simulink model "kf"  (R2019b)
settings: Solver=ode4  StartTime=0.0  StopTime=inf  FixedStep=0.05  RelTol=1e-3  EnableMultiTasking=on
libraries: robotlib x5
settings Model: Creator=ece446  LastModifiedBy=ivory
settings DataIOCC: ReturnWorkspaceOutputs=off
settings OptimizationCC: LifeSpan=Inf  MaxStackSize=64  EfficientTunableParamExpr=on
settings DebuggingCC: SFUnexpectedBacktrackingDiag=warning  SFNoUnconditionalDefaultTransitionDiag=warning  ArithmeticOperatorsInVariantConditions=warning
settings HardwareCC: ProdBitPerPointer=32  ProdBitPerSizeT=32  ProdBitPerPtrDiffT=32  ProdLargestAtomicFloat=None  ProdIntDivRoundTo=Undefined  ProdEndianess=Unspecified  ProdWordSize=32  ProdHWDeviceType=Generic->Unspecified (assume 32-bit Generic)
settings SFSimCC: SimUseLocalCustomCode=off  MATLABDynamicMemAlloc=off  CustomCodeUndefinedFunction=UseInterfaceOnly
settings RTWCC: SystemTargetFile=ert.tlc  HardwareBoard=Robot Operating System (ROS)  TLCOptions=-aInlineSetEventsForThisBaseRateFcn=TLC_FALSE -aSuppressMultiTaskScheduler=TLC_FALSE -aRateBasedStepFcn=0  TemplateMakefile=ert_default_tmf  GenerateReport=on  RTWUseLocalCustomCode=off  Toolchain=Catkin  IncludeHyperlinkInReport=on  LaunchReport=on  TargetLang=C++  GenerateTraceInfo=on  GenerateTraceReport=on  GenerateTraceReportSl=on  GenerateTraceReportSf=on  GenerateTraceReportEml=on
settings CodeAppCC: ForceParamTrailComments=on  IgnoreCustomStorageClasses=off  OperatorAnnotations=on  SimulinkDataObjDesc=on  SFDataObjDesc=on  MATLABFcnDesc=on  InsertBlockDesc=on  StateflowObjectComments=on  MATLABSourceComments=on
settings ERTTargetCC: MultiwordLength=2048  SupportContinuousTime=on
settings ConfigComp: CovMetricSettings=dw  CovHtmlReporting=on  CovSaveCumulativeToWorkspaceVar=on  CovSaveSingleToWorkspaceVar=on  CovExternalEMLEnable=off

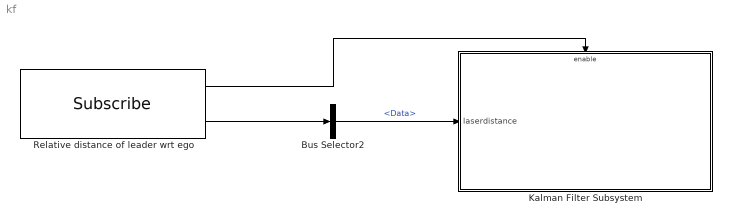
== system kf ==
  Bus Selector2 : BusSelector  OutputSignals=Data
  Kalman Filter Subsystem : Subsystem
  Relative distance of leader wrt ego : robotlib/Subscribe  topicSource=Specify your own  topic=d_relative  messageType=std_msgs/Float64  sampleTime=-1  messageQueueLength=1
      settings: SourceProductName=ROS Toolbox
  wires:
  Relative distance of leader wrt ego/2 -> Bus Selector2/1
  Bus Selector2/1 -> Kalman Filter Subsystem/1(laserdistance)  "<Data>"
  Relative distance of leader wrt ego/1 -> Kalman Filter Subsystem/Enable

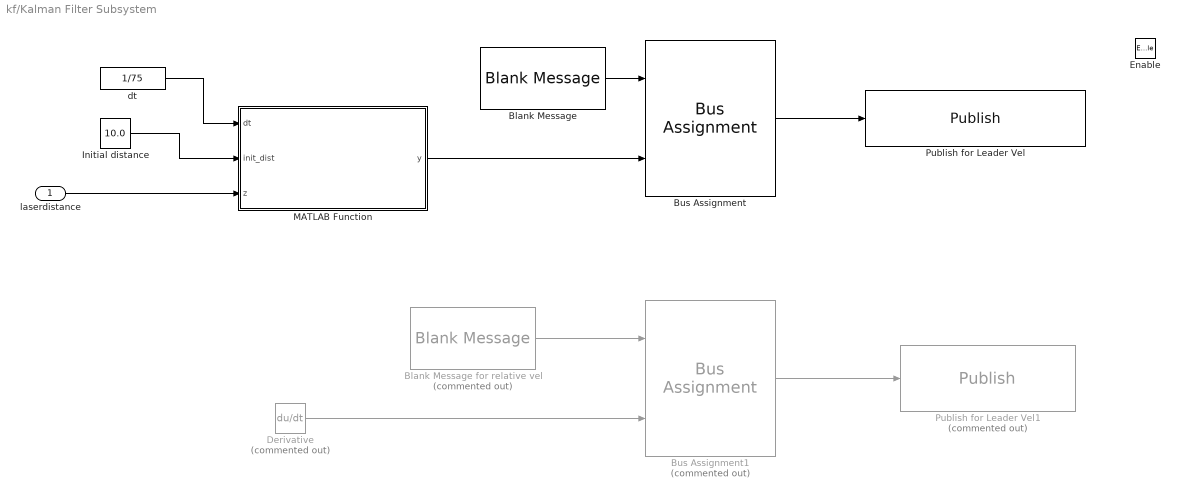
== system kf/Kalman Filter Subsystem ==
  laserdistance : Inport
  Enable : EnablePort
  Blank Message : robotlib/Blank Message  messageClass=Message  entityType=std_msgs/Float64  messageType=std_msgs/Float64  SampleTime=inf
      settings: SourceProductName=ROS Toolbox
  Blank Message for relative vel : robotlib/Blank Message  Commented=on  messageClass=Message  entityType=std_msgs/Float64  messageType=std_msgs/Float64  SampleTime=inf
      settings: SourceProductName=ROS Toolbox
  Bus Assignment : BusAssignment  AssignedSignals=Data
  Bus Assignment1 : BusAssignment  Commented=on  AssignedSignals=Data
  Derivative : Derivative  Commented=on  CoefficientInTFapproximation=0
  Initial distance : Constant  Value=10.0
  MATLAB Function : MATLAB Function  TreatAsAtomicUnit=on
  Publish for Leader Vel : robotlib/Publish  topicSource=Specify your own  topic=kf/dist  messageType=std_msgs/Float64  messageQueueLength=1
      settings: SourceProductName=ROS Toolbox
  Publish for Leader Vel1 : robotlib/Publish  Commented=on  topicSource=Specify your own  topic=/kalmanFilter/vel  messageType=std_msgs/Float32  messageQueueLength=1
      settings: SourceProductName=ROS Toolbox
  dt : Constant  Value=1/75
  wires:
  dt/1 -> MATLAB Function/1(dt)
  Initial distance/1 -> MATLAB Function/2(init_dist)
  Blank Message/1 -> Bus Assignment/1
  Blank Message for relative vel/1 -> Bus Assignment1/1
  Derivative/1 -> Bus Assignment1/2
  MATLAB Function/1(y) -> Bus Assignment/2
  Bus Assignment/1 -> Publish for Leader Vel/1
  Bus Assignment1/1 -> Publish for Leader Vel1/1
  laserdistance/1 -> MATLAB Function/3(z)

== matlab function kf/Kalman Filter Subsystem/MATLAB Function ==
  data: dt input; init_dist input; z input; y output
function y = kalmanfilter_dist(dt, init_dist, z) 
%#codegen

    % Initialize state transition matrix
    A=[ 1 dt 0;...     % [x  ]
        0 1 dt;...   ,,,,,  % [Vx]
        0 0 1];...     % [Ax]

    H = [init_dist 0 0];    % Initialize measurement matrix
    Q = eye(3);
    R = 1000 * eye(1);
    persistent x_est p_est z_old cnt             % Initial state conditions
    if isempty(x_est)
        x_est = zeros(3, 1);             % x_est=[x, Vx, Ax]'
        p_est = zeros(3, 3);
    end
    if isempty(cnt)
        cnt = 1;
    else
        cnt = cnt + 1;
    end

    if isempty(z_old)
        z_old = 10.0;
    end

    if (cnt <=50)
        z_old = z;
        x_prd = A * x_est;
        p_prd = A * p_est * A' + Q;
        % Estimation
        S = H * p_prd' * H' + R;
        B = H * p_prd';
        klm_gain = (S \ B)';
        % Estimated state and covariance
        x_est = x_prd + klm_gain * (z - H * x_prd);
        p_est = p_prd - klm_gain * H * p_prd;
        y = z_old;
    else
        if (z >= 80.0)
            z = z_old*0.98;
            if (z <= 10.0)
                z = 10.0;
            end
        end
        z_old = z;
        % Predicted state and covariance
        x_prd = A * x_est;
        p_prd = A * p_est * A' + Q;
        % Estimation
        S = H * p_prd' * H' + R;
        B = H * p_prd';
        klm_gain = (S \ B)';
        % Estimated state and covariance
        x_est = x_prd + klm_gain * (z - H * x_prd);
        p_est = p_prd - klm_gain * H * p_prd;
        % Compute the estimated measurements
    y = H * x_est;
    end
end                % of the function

○ ○ ○ ○ ○

__GOAL OF THE EXERCISE__
Which lines above include "Value"? Show each of them by copying it.

__EXERCISE OUTPUT__
  Initial distance : Constant  Value=10.0
  dt : Constant  Value=1/75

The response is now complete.